3. Number of Experts Used to Establish the Ground Truth for the Test Set and Qualifications of Those Experts

This information is not applicable and not provided in the document. The Apo-Tek Lp(a)™ is an in vitro diagnostic ELISA kit, not an imaging or AI-driven diagnostic device that relies on expert ground truth for interpretation. The clinical utility is established through correlation with clinically determined diseases (e.g., myocardial infarction, stenosis), likely based on standard diagnostic procedures and outcomes, not expert consensus on image interpretation.

4. Adjudication Method for the Test Set

This information is not applicable and not provided. As explained above, the device is an ELISA kit, and its performance is assessed against clinical outcomes, not expert adjudication of classifications.

5. If a Multi-Reader Multi-Case (MRMC) Comparative Effectiveness Study Was Done

No, a MRMC comparative effectiveness study was not done. This type of study is relevant for imaging devices or AI tools where human readers interpret cases with and without AI assistance. The Apo-Tek Lp(a)™ is a laboratory assay.

6. If a Standalone (i.e., algorithm only without human-in-the-loop performance) Was Done

Yes, the performance described is a standalone performance. The Apo-Tek Lp(a)™ is an automated laboratory assay. Its "performance" refers to its analytical characteristics (e.g., cross-reactivity, reproducibility) and its correlation with clinical outcomes when used as a diagnostic test. There is no "human-in-the-loop" component for its basic operation or interpretation in this context, other than the clinician interpreting the numerical result in conjunction with other clinical information.

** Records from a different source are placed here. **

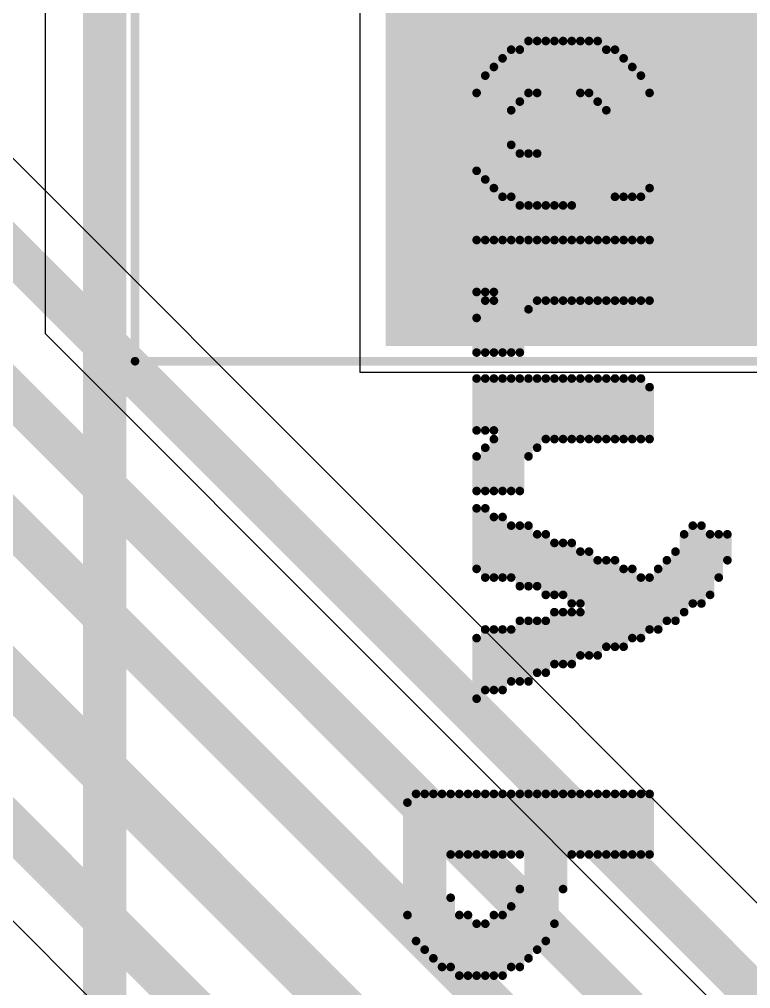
# Model space of a CAD drawing. Header units: millimetres. Extents: x 1.01 to 3.59, y 0.05 to 3.22.
# Drawn here: x 1.3692 to 1.5384, y 1.415 to 1.639 of the extents above; entities that cross this region are included whole.
import ezdxf

# ---------------------------------------------------------------- set-up
doc = ezdxf.new("R2010")
doc.units = ezdxf.units.MM
doc.header["$MEASUREMENT"] = 0
for name, color, linetype in [('BottomLayer', 5, 'Continuous'), ('BottomOverlay', 54, 'Continuous'), ('Mechanical15', 56, 'Continuous'), ('TopLayer', 1, 'Continuous'), ('TopPaste', 8, 'Continuous'), ('TopSolder', 216, 'Continuous')]:
    doc.layers.add(name, color=color, linetype=linetype)

# ---------------------------------------------------------------- blocks, each defined once
blk = doc.blocks.new('RPI_PWD____________B_116')
at = {"layer": 'BottomOverlay', "const_width": 0.002}
for points in [[(-0.422, 0.154), (0.442, 0.154)], [(-0.422, 0.152), (0.442, 0.152)], [(-0.422, 0.15), (0.442, 0.15)], [(-0.422, 0.148), (0.442, 0.148)], [(-0.422, 0.146), (0.442, 0.146)], [(-0.334, 0.08), (-0.308, 0.08)], [(-0.34, 0.078), (-0.306, 0.078)], [(-0.342, 0.076), (-0.306, 0.076)], [(-0.344, 0.074), (-0.306, 0.074)], [(-0.346, 0.072), (-0.306, 0.072)], [(-0.346, 0.07), (-0.33, 0.07)], [(-0.32, 0.07), (-0.306, 0.07)], [(-0.348, 0.068), (-0.334, 0.068)], [(-0.32, 0.068), (-0.306, 0.068)], [(-0.348, 0.066), (-0.334, 0.066)], [(-0.348, 0.064), (-0.336, 0.064)], [(-0.32, 0.066), (-0.306, 0.066)], [(-0.32, 0.064), (-0.306, 0.064)], [(-0.284, 0.064), (-0.27, 0.064)], [(-0.254, 0.064), (-0.24, 0.064)], [(-0.236, 0.064), (-0.228, 0.064)], [(-0.222, 0.064), (-0.21, 0.064)], [(-0.204, 0.064), (-0.196, 0.064)], [(-0.19, 0.064), (-0.178, 0.064)], [(-0.162, 0.064), (-0.144, 0.064)], [(-0.348, 0.062), (-0.336, 0.062)], [(-0.32, 0.062), (-0.306, 0.062)], [(-0.282, 0.062), (-0.268, 0.062)], [(-0.256, 0.062), (-0.24, 0.062)], [(-0.236, 0.062), (-0.226, 0.062)], [(-0.222, 0.062), (-0.21, 0.062)], [(-0.204, 0.062), (-0.192, 0.062)], [(-0.19, 0.062), (-0.178, 0.062)], [(-0.164, 0.062), (-0.14, 0.062)], [(-0.348, 0.06), (-0.334, 0.06)], [(-0.32, 0.06), (-0.306, 0.06)], [(-0.282, 0.06), (-0.268, 0.06)], [(-0.256, 0.06), (-0.242, 0.06)], [(-0.236, 0.06), (-0.224, 0.06)], [(-0.222, 0.06), (-0.21, 0.06)], [(-0.204, 0.06), (-0.192, 0.06)], [(-0.19, 0.06), (-0.178, 0.06)], [(-0.166, 0.06), (-0.138, 0.06)], [(-0.348, 0.058), (-0.334, 0.058)], [(-0.32, 0.058), (-0.306, 0.058)], [(-0.282, 0.058), (-0.268, 0.058)], [(-0.256, 0.058), (-0.242, 0.058)], [(-0.236, 0.058), (-0.21, 0.058)], [(-0.204, 0.058), (-0.178, 0.058)], [(-0.168, 0.058), (-0.136, 0.058)], [(-0.346, 0.056), (-0.332, 0.056)], [(-0.32, 0.056), (-0.306, 0.056)], [(-0.28, 0.056), (-0.268, 0.056)], [(-0.256, 0.056), (-0.244, 0.056)], [(-0.236, 0.056), (-0.21, 0.056)], [(-0.204, 0.056), (-0.178, 0.056)], [(-0.168, 0.056), (-0.156, 0.056)], [(-0.148, 0.056), (-0.134, 0.056)], [(-0.346, 0.054), (-0.328, 0.054)], [(-0.32, 0.054), (-0.306, 0.054)], [(-0.28, 0.054), (-0.266, 0.054)], [(-0.258, 0.054), (-0.244, 0.054)], [(-0.236, 0.054), (-0.21, 0.054)], [(-0.204, 0.054), (-0.178, 0.054)], [(-0.17, 0.054), (-0.158, 0.054)], [(-0.146, 0.054), (-0.134, 0.054)], [(-0.344, 0.052), (-0.306, 0.052)], [(-0.28, 0.052), (-0.266, 0.052)], [(-0.258, 0.052), (-0.244, 0.052)], [(-0.228, 0.052), (-0.21, 0.052)], [(-0.194, 0.052), (-0.178, 0.052)], [(-0.17, 0.052), (-0.158, 0.052)], [(-0.144, 0.052), (-0.132, 0.052)], [(-0.342, 0.05), (-0.306, 0.05)], [(-0.278, 0.05), (-0.266, 0.05)], [(-0.258, 0.05), (-0.246, 0.05)], [(-0.226, 0.05), (-0.21, 0.05)], [(-0.192, 0.05), (-0.178, 0.05)], [(-0.17, 0.05), (-0.158, 0.05)], [(-0.144, 0.05), (-0.132, 0.05)], [(-0.34, 0.048), (-0.306, 0.048)], [(-0.278, 0.048), (-0.266, 0.048)], [(-0.26, 0.048), (-0.246, 0.048)], [(-0.224, 0.048), (-0.21, 0.048)], [(-0.192, 0.048), (-0.178, 0.048)], [(-0.17, 0.048), (-0.132, 0.048)], [(-0.336, 0.046), (-0.306, 0.046)], [(-0.328, 0.044), (-0.306, 0.044)], [(-0.276, 0.046), (-0.264, 0.046)], [(-0.276, 0.044), (-0.264, 0.044)], [(-0.26, 0.046), (-0.248, 0.046)], [(-0.26, 0.044), (-0.248, 0.044)], [(-0.224, 0.046), (-0.21, 0.046)], [(-0.224, 0.044), (-0.21, 0.044)], [(-0.192, 0.046), (-0.178, 0.046)], [(-0.192, 0.044), (-0.178, 0.044)], [(-0.17, 0.046), (-0.132, 0.046)], [(-0.17, 0.044), (-0.132, 0.044)], [(-0.32, 0.042), (-0.306, 0.042)], [(-0.276, 0.042), (-0.264, 0.042)], [(-0.262, 0.042), (-0.248, 0.042)], [(-0.224, 0.042), (-0.21, 0.042)], [(-0.192, 0.042), (-0.178, 0.042)], [(-0.17, 0.042), (-0.132, 0.042)], [(-0.32, 0.04), (-0.306, 0.04)], [(-0.274, 0.04), (-0.264, 0.04)], [(-0.262, 0.04), (-0.25, 0.04)], [(-0.224, 0.04), (-0.21, 0.04)], [(-0.192, 0.04), (-0.178, 0.04)], [(-0.144, 0.04), (-0.132, 0.04)], [(-0.32, 0.038), (-0.306, 0.038)], [(-0.274, 0.038), (-0.25, 0.038)], [(-0.224, 0.038), (-0.21, 0.038)], [(-0.192, 0.038), (-0.178, 0.038)], [(-0.144, 0.038), (-0.132, 0.038)], [(-0.32, 0.036), (-0.306, 0.036)], [(-0.274, 0.036), (-0.252, 0.036)], [(-0.224, 0.036), (-0.21, 0.036)], [(-0.192, 0.036), (-0.178, 0.036)], [(-0.146, 0.036), (-0.132, 0.036)], [(-0.32, 0.034), (-0.306, 0.034)], [(-0.272, 0.034), (-0.252, 0.034)], [(-0.224, 0.034), (-0.21, 0.034)], [(-0.192, 0.034), (-0.178, 0.034)], [(-0.148, 0.034), (-0.134, 0.034)], [(-0.32, 0.032), (-0.306, 0.032)], [(-0.272, 0.032), (-0.252, 0.032)], [(-0.224, 0.032), (-0.21, 0.032)], [(-0.192, 0.032), (-0.178, 0.032)], [(-0.168, 0.032), (-0.134, 0.032)], [(-0.32, 0.03), (-0.306, 0.03)], [(-0.272, 0.03), (-0.254, 0.03)], [(-0.224, 0.03), (-0.21, 0.03)], [(-0.192, 0.03), (-0.178, 0.03)], [(-0.168, 0.03), (-0.136, 0.03)], [(-0.32, 0.028), (-0.306, 0.028)], [(-0.32, 0.026), (-0.306, 0.026)], [(-0.27, 0.028), (-0.254, 0.028)], [(-0.27, 0.026), (-0.256, 0.026)], [(-0.224, 0.028), (-0.21, 0.028)], [(-0.224, 0.026), (-0.21, 0.026)], [(-0.192, 0.028), (-0.178, 0.028)], [(-0.192, 0.026), (-0.178, 0.026)], [(-0.168, 0.028), (-0.138, 0.028)], [(-0.168, 0.026), (-0.14, 0.026)], [(-0.32, 0.024), (-0.306, 0.024)], [(-0.268, 0.024), (-0.256, 0.024)], [(-0.224, 0.024), (-0.212, 0.024)], [(-0.192, 0.024), (-0.178, 0.024)], [(-0.166, 0.024), (-0.144, 0.024)], [(-0.268, 0.022), (-0.254, 0.022)], [(-0.266, 0.02), (-0.252, 0.02)], [(-0.266, 0.018), (-0.25, 0.018)], [(-0.264, 0.016), (-0.246, 0.016)], [(-0.262, 0.014), (-0.244, 0.014)], [(-0.262, 0.012), (-0.244, 0.012)], [(-0.26, 0.01), (-0.246, 0.01)], [(-0.256, 0.008), (-0.246, 0.008)], [(-0.252, 0.006), (-0.246, 0.006)]]:
    blk.add_lwpolyline(points, dxfattribs=at)
at = {"layer": 'BottomOverlay', "const_width": 0.001}
for points in [[(-0.3345, 0.08, 1), (-0.3335, 0.08, 1)], [(-0.3085, 0.08, 1), (-0.3075, 0.08, 1)], [(-0.3405, 0.078, 1), (-0.3395, 0.078, 1)], [(-0.3065, 0.078, 1), (-0.3055, 0.078, 1)], [(-0.3425, 0.076, 1), (-0.3415, 0.076, 1)], [(-0.3065, 0.076, 1), (-0.3055, 0.076, 1)], [(-0.3445, 0.074, 1), (-0.3435, 0.074, 1)], [(-0.3065, 0.074, 1), (-0.3055, 0.074, 1)], [(-0.3465, 0.072, 1), (-0.3455, 0.072, 1)], [(-0.3065, 0.072, 1), (-0.3055, 0.072, 1)], [(-0.3465, 0.07, 1), (-0.3455, 0.07, 1)], [(-0.3305, 0.07, 1), (-0.3295, 0.07, 1)], [(-0.3205, 0.07, 1), (-0.3195, 0.07, 1)], [(-0.3065, 0.07, 1), (-0.3055, 0.07, 1)], [(-0.3485, 0.068, 1), (-0.3475, 0.068, 1)], [(-0.3345, 0.068, 1), (-0.3335, 0.068, 1)], [(-0.3205, 0.068, 1), (-0.3195, 0.068, 1)], [(-0.3065, 0.068, 1), (-0.3055, 0.068, 1)], [(-0.3485, 0.066, 1), (-0.3475, 0.066, 1)], [(-0.3485, 0.064, 1), (-0.3475, 0.064, 1)], [(-0.3365, 0.064, 1), (-0.3355, 0.064, 1)], [(-0.3345, 0.066, 1), (-0.3335, 0.066, 1)], [(-0.3205, 0.066, 1), (-0.3195, 0.066, 1)], [(-0.3205, 0.064, 1), (-0.3195, 0.064, 1)], [(-0.3065, 0.066, 1), (-0.3055, 0.066, 1)], [(-0.3065, 0.064, 1), (-0.3055, 0.064, 1)], [(-0.2845, 0.064, 1), (-0.2835, 0.064, 1)], [(-0.2705, 0.064, 1), (-0.2695, 0.064, 1)], [(-0.2545, 0.064, 1), (-0.2535, 0.064, 1)], [(-0.2405, 0.064, 1), (-0.2395, 0.064, 1)], [(-0.2365, 0.064, 1), (-0.2355, 0.064, 1)], [(-0.2285, 0.064, 1), (-0.2275, 0.064, 1)], [(-0.2225, 0.064, 1), (-0.2215, 0.064, 1)], [(-0.2105, 0.064, 1), (-0.2095, 0.064, 1)], [(-0.2045, 0.064, 1), (-0.2035, 0.064, 1)], [(-0.1965, 0.064, 1), (-0.1955, 0.064, 1)], [(-0.1905, 0.064, 1), (-0.1895, 0.064, 1)], [(-0.1785, 0.064, 1), (-0.1775, 0.064, 1)], [(-0.1625, 0.064, 1), (-0.1615, 0.064, 1)], [(-0.1445, 0.064, 1), (-0.1435, 0.064, 1)], [(-0.3485, 0.062, 1), (-0.3475, 0.062, 1)], [(-0.3365, 0.062, 1), (-0.3355, 0.062, 1)], [(-0.3205, 0.062, 1), (-0.3195, 0.062, 1)], [(-0.3065, 0.062, 1), (-0.3055, 0.062, 1)], [(-0.2825, 0.062, 1), (-0.2815, 0.062, 1)], [(-0.2685, 0.062, 1), (-0.2675, 0.062, 1)], [(-0.2565, 0.062, 1), (-0.2555, 0.062, 1)], [(-0.2405, 0.062, 1), (-0.2395, 0.062, 1)], [(-0.2365, 0.062, 1), (-0.2355, 0.062, 1)], [(-0.2265, 0.062, 1), (-0.2255, 0.062, 1)], [(-0.2225, 0.062, 1), (-0.2215, 0.062, 1)], [(-0.2105, 0.062, 1), (-0.2095, 0.062, 1)], [(-0.2045, 0.062, 1), (-0.2035, 0.062, 1)], [(-0.1925, 0.062, 1), (-0.1915, 0.062, 1)], [(-0.1905, 0.062, 1), (-0.1895, 0.062, 1)], [(-0.1785, 0.062, 1), (-0.1775, 0.062, 1)], [(-0.1645, 0.062, 1), (-0.1635, 0.062, 1)], [(-0.1405, 0.062, 1), (-0.1395, 0.062, 1)], [(-0.3485, 0.06, 1), (-0.3475, 0.06, 1)], [(-0.3345, 0.06, 1), (-0.3335, 0.06, 1)], [(-0.3205, 0.06, 1), (-0.3195, 0.06, 1)], [(-0.3065, 0.06, 1), (-0.3055, 0.06, 1)], [(-0.2825, 0.06, 1), (-0.2815, 0.06, 1)], [(-0.2685, 0.06, 1), (-0.2675, 0.06, 1)], [(-0.2565, 0.06, 1), (-0.2555, 0.06, 1)], [(-0.2425, 0.06, 1), (-0.2415, 0.06, 1)], [(-0.2365, 0.06, 1), (-0.2355, 0.06, 1)], [(-0.2245, 0.06, 1), (-0.2235, 0.06, 1)], [(-0.2225, 0.06, 1), (-0.2215, 0.06, 1)], [(-0.2105, 0.06, 1), (-0.2095, 0.06, 1)], [(-0.2045, 0.06, 1), (-0.2035, 0.06, 1)], [(-0.1925, 0.06, 1), (-0.1915, 0.06, 1)], [(-0.1905, 0.06, 1), (-0.1895, 0.06, 1)], [(-0.1785, 0.06, 1), (-0.1775, 0.06, 1)], [(-0.1665, 0.06, 1), (-0.1655, 0.06, 1)], [(-0.1385, 0.06, 1), (-0.1375, 0.06, 1)], [(-0.3485, 0.058, 1), (-0.3475, 0.058, 1)], [(-0.3345, 0.058, 1), (-0.3335, 0.058, 1)], [(-0.3205, 0.058, 1), (-0.3195, 0.058, 1)], [(-0.3065, 0.058, 1), (-0.3055, 0.058, 1)], [(-0.2825, 0.058, 1), (-0.2815, 0.058, 1)], [(-0.2685, 0.058, 1), (-0.2675, 0.058, 1)], [(-0.2565, 0.058, 1), (-0.2555, 0.058, 1)], [(-0.2425, 0.058, 1), (-0.2415, 0.058, 1)], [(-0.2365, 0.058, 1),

7. The Type of Ground Truth Used

The "ground truth" for evaluating the clinical utility of Apo-Tek Lp(a)™ appears to be based on clinical disease diagnoses or outcomes data. For example:

  • Myocardial infarction
  • Coronary artery stenosis (>50%)
  • Cerebrovascular disease
  • Carotid artery stenosis (≥20% or ≥50%)

The accuracy of these diagnoses would be established through standard medical practice (e.g., angiograms for stenosis, clinical criteria for MI).

8. The Sample Size for the Training Set

This information is not applicable and not provided. The Apo-Tek Lp(a)™ is an ELISA assay, not a machine learning algorithm that requires a "training set" to develop its logic or parameters. Its operating characteristics are inherent to its chemical and biological design.

9. How the Ground Truth for the Training Set Was Established

This information is not applicable and not provided. As mentioned, there is no "training set" in the context of this diagnostic kit.

§ 866.5600 Low-density lipoprotein immunological test system.

(a)
Identification. A low-density lipoprotein immunological test system is a device that consists of the reagents used to measure by immunochemical techniques the low-density lipoprotein in serum and other body fluids. Measurement of low-density lipoprotein in serum may aid in the diagnosis of disorders of lipid (fat) metabolism and help to identify young persons at risk from cardiovascular diseases.(b)
Classification. Class II (performance standards).